Max Planck Institute of Molecular Cell Biology and Genetics, 01307, Dresden, Germany.
Center for Systems Biology Dresden, 01307, Dresden, Germany.
Nat Commun. 2023 Apr 19;14(1):2230. doi: 10.1038/s41467-023-37661-z.
Despite the increasing use of genomic sequencing in clinical practice, the interpretation of rare genetic variants remains challenging even in well-studied disease genes, resulting in many patients with Variants of Uncertain Significance (VUSs). Computational Variant Effect Predictors (VEPs) provide valuable evidence in variant assessment, but they are prone to misclassifying benign variants, contributing to false positives. Here, we develop Deciphering Mutations in Actionable Genes (DeMAG), a supervised classifier for missense variants trained using extensive diagnostic data available in 59 actionable disease genes (American College of Medical Genetics and Genomics Secondary Findings v2.0, ACMG SF v2.0). DeMAG improves performance over existing VEPs by reaching balanced specificity (82%) and sensitivity (94%) on clinical data, and includes a novel epistatic feature, the 'partners score', which leverages evolutionary and structural partnerships of residues. The 'partners score' provides a general framework for modeling epistatic interactions, integrating both clinical and functional information. We provide our tool and predictions for all missense variants in 316 clinically actionable disease genes (demag.org) to facilitate the interpretation of variants and improve clinical decision-making.
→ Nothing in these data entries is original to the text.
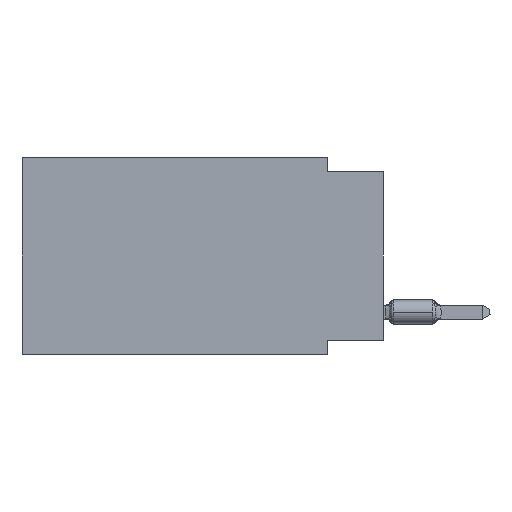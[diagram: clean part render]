
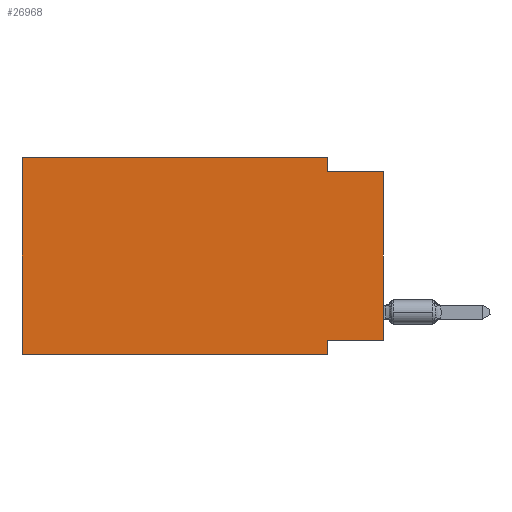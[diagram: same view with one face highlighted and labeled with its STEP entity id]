
A CAD part, left-side view. The second image highlights one B-rep face of the part: STEP entity #26968.
In plain terms, the highlighted planar face has unit normal (-1, 0, 0).
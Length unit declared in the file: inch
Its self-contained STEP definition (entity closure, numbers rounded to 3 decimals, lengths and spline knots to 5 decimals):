
#79 = ORIENTED_EDGE ( 'NONE', *, *, #26324, .F. ) ;
#163 = CARTESIAN_POINT ( 'NONE',  ( 0., 0.645, 0. ) ) ;
#532 = CARTESIAN_POINT ( 'NONE',  ( 0., 0.645, 0. ) ) ;
#1471 = CARTESIAN_POINT ( 'NONE',  ( 0., 0.1, 0. ) ) ;
#1835 = DIRECTION ( 'NONE',  ( 0., -1., 0. ) ) ;
#2499 = CARTESIAN_POINT ( 'NONE',  ( 0., 0.1, -0.35 ) ) ;
#2706 = ORIENTED_EDGE ( 'NONE', *, *, #5258, .F. ) ;
#3153 = VECTOR ( 'NONE', #4337, 39.37008 ) ;
#4059 = CARTESIAN_POINT ( 'NONE',  ( 0., 0., 0. ) ) ;
#4337 = DIRECTION ( 'NONE',  ( 0., 0., 1. ) ) ;
#4734 = ORIENTED_EDGE ( 'NONE', *, *, #10363, .F. ) ;
#4858 = DIRECTION ( 'NONE',  ( 0., 0., 1. ) ) ;
#5258 = EDGE_CURVE ( 'NONE', #21971, #21892, #11214, .T. ) ;
#6932 = LINE ( 'NONE', #25898, #11289 ) ;
#7200 = ORIENTED_EDGE ( 'NONE', *, *, #19546, .T. ) ;
#7215 = CARTESIAN_POINT ( 'NONE',  ( 0., 0., -0.025 ) ) ;
#8632 = VECTOR ( 'NONE', #19646, 39.37008 ) ;
#8784 = VECTOR ( 'NONE', #18692, 39.37008 ) ;
#9066 = CARTESIAN_POINT ( 'NONE',  ( 0., 0.1, -0.025 ) ) ;
#9153 = DIRECTION ( 'NONE',  ( 0., -1., 0. ) ) ;
#9499 = AXIS2_PLACEMENT_3D ( 'NONE', #24445, #13933, #11859 ) ;
#10247 = LINE ( 'NONE', #23127, #8784 ) ;
#10363 = EDGE_CURVE ( 'NONE', #12566, #20575, #22541, .T. ) ;
#10570 = LINE ( 'NONE', #4059, #3153 ) ;
#10751 = VERTEX_POINT ( 'NONE', #24724 ) ;
#11214 = LINE ( 'NONE', #19372, #8632 ) ;
#11261 = EDGE_CURVE ( 'NONE', #21971, #10751, #10570, .T. ) ;
#11289 = VECTOR ( 'NONE', #15387, 39.37008 ) ;
#11443 = FACE_OUTER_BOUND ( 'NONE', #22661, .T. ) ;
#11859 = DIRECTION ( 'NONE',  ( 0., 0., -1. ) ) ;
#12025 = CARTESIAN_POINT ( 'NONE',  ( 0., 0.1, 0. ) ) ;
#12150 = VERTEX_POINT ( 'NONE', #16737 ) ;
#12566 = VERTEX_POINT ( 'NONE', #1471 ) ;
#13282 = EDGE_CURVE ( 'NONE', #26964, #12150, #25888, .T. ) ;
#13933 = DIRECTION ( 'NONE',  ( 1., 0., 0. ) ) ;
#14780 = ORIENTED_EDGE ( 'NONE', *, *, #17002, .F. ) ;
#15387 = DIRECTION ( 'NONE',  ( 0., 0., -1. ) ) ;
#15596 = CARTESIAN_POINT ( 'NONE',  ( 0., 0., -0.325 ) ) ;
#15993 = CARTESIAN_POINT ( 'NONE',  ( 0., 0.645, -0.35 ) ) ;
#16356 = ORIENTED_EDGE ( 'NONE', *, *, #16399, .F. ) ;
#16399 = EDGE_CURVE ( 'NONE', #12150, #12566, #16939, .T. ) ;
#16737 = CARTESIAN_POINT ( 'NONE',  ( 0., 0.645, 0. ) ) ;
#16939 = LINE ( 'NONE', #163, #18498 ) ;
#17002 = EDGE_CURVE ( 'NONE', #20575, #10751, #17868, .T. ) ;
#17868 = LINE ( 'NONE', #7215, #24163 ) ;
#18498 = VECTOR ( 'NONE', #1835, 39.37008 ) ;
#18692 = DIRECTION ( 'NONE',  ( 0., -1., 0. ) ) ;
#18948 = ORIENTED_EDGE ( 'NONE', *, *, #11261, .T. ) ;
#19372 = CARTESIAN_POINT ( 'NONE',  ( 0., 0., -0.325 ) ) ;
#19546 = EDGE_CURVE ( 'NONE', #26964, #26419, #10247, .T. ) ;
#19646 = DIRECTION ( 'NONE',  ( 0., 1., 0. ) ) ;
#19744 = CARTESIAN_POINT ( 'NONE',  ( 0., 0.1, -0.325 ) ) ;
#19867 = PLANE ( 'NONE',  #9499 ) ;
#20575 = VERTEX_POINT ( 'NONE', #9066 ) ;
#21892 = VERTEX_POINT ( 'NONE', #19744 ) ;
#21971 = VERTEX_POINT ( 'NONE', #15596 ) ;
#22541 = LINE ( 'NONE', #12025, #23900 ) ;
#22661 = EDGE_LOOP ( 'NONE', ( #18948, #14780, #4734, #16356, #24082, #7200, #79, #2706 ) ) ;
#22947 = DIRECTION ( 'NONE',  ( 0., 0., -1. ) ) ;
#23127 = CARTESIAN_POINT ( 'NONE',  ( 0., 0.645, -0.35 ) ) ;
#23900 = VECTOR ( 'NONE', #22947, 39.37008 ) ;
#24082 = ORIENTED_EDGE ( 'NONE', *, *, #13282, .F. ) ;
#24163 = VECTOR ( 'NONE', #9153, 39.37008 ) ;
#24445 = CARTESIAN_POINT ( 'NONE',  ( 0., 0.645, 0. ) ) ;
#24724 = CARTESIAN_POINT ( 'NONE',  ( 0., 0., -0.025 ) ) ;
#25757 = VECTOR ( 'NONE', #4858, 39.37008 ) ;
#25888 = LINE ( 'NONE', #532, #25757 ) ;
#25898 = CARTESIAN_POINT ( 'NONE',  ( 0., 0.1, -0.35 ) ) ;
#26324 = EDGE_CURVE ( 'NONE', #21892, #26419, #6932, .T. ) ;
#26419 = VERTEX_POINT ( 'NONE', #2499 ) ;
#26964 = VERTEX_POINT ( 'NONE', #15993 ) ;
#26968 = ADVANCED_FACE ( 'NONE', ( #11443 ), #19867, .F. ) ;

尽管基因组测序在临床实践中的应用越来越广泛,但即使在研究充分的疾病基因中,稀有遗传变异的解读仍然具有挑战性,导致许多患者的变异具有不确定的意义(VUS)。计算变异效应预测器(VEP)在变异评估中提供了有价值的证据,但它们容易将良性变异错误分类,导致假阳性。在这里,我们开发了用于行动基因中的突变解析(DeMAG),这是一种基于监督学习的错义变异分类器,使用了 59 个可操作疾病基因中的广泛诊断数据进行训练(美国医学遗传学和基因组学学院的次要发现 v2.0,ACMG SF v2.0)。DeMAG 通过在临床数据上达到平衡的特异性(82%)和敏感性(94%),优于现有的 VEP,并且包括一个新的上位特征,即“伙伴得分”,该特征利用了残基的进化和结构伙伴关系。“伙伴得分”为建模上位相互作用提供了一个通用框架,整合了临床和功能信息。我们为 316 个具有临床可操作性的疾病基因中的所有错义变异提供了我们的工具和预测结果(demag.org),以促进变异的解释和改善临床决策。